Japan is celebrating the feast of the obon lately, a Buddhist festival where the spirits of the dead returned to make a stop in a circle of relatives. Other people would usually return to their places of origin to stop at their relatives and clean the graves of their ancestors to honor the deceased. However, due to the ongoing Covid-19 coronavirus pandemic, many other people travel. In addition, Japan’s summer heat makes it difficult, even for locals, to stop at the family grave circle.

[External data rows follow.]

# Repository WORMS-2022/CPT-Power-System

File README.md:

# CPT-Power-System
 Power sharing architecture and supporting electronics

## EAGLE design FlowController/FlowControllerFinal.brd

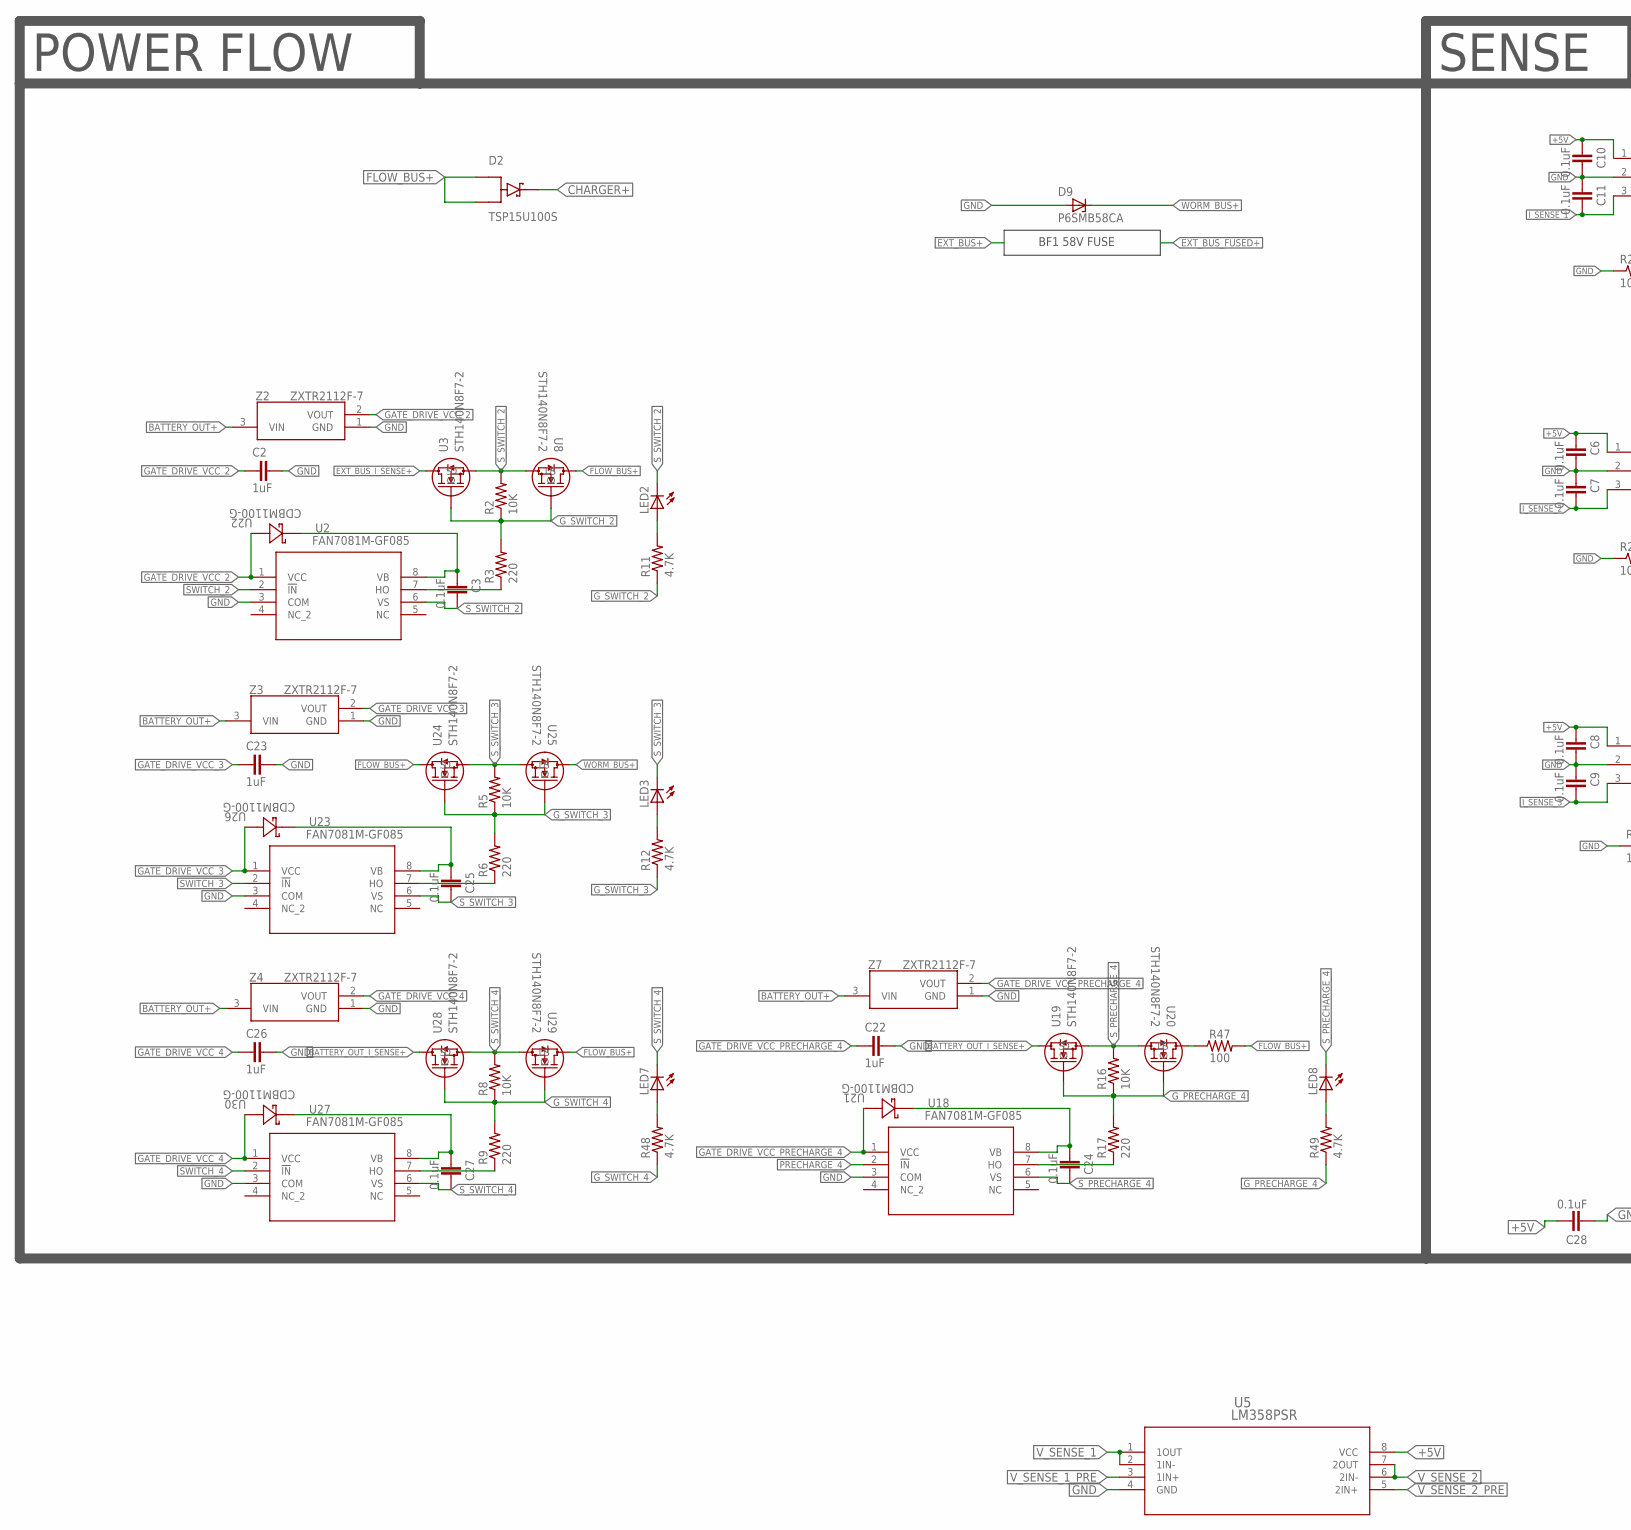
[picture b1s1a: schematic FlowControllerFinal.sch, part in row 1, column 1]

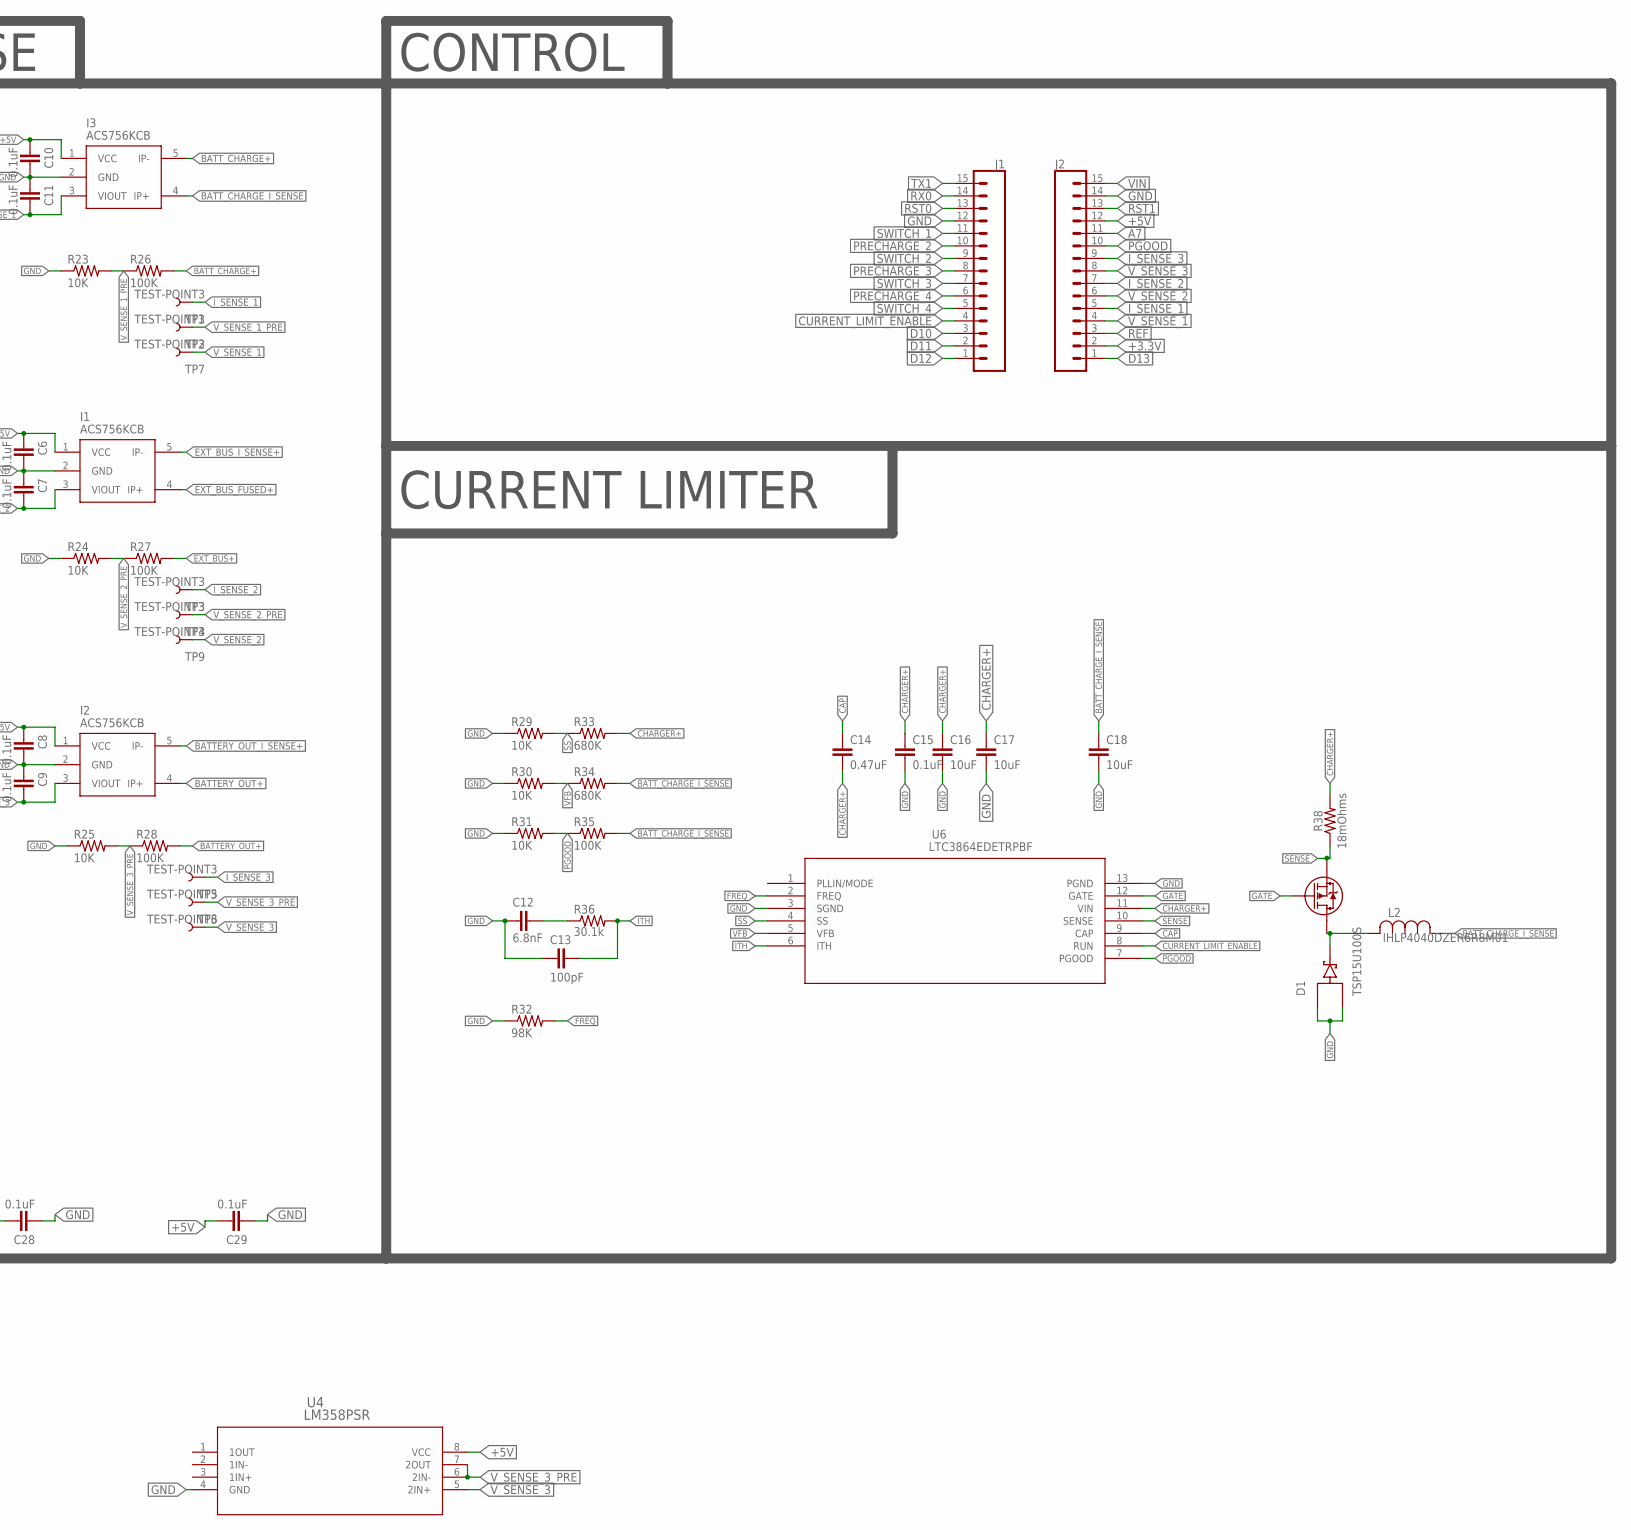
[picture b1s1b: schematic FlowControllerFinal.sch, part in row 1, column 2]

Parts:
C2, C22, C23, C26: 1uF; 0805
C3, C6, C7, C8, C9, C10, C11, C15, C24, C25, C27, C28, C29: 0.1uF; 0805
C12: 6.8nF; 0805
C13: 100pF; 0805
C14: 0.47uF; 0805
C16, C17, C18: 10uF; 1210
D1, D2: TSP15U100S; DIO_TSP15U100S
D9: P6SMB58CA; DO214AA
I1, I2, I3: ACS756KCB
J1, J2: CONN_15; 1X15
L2: IHLP4040DZER6R8M01; IND_IHLP-4040DZ_VIS
LED2, LED3, LED7, LED8: LEDCHIPLED_0805; CHIPLED_0805
R2, R5, R8, R16, R23, R24, R25, R29, R30, R31: 10K; M0805
R3, R6, R9, R17: 220; M0805
R11, R12, R48, R49: 4.7K; M0805
R26, R27, R28, R35: 100K; M0805
R32: 98K; M0805
R33, R34: 680K; M0805
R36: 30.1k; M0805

Today, some creative corporations in Japan have brought a touch of high-tech to the annual culture, providing remote control to the cemetery, with a professional cleanup of graves and supplies and prayers on its behalf.
The company Kano Sekizai, founded in Hiroshima, for example, teaches a popular course starting at 20,000 euros, which includes a one-hour tomb cleaning, as well as a video tour through Zoom, in which corporate staff will deposit flowers in offerings on the tomb. . – Incense and candles can be added for an additional fee. The procedure is streamed live, so you can stick to every step in real time from the comfort of your home. You’ll even get a letter with images and evidence from the end of the scale in – best for all members of the circle of relatives with technological difficulties.
Launched this month, Zenyuseki is an organization of three hundred quarry companies across Japan that take the excursion to the virtual tomb to another level, turning the whole procedure into a virtual real experience. A professional visits the tomb and records cleaning and offerings of flowers and incense with a 360-degree camera. The video will then be sent to you by email or on social media, while the virtual truth glasses are sent to your home. All you have to do is put on the VIRTUAL reality viewer and you’ll be able to see the scene as if it were there. The experiment begins at 25,000 yen, adding flowers and incense wands.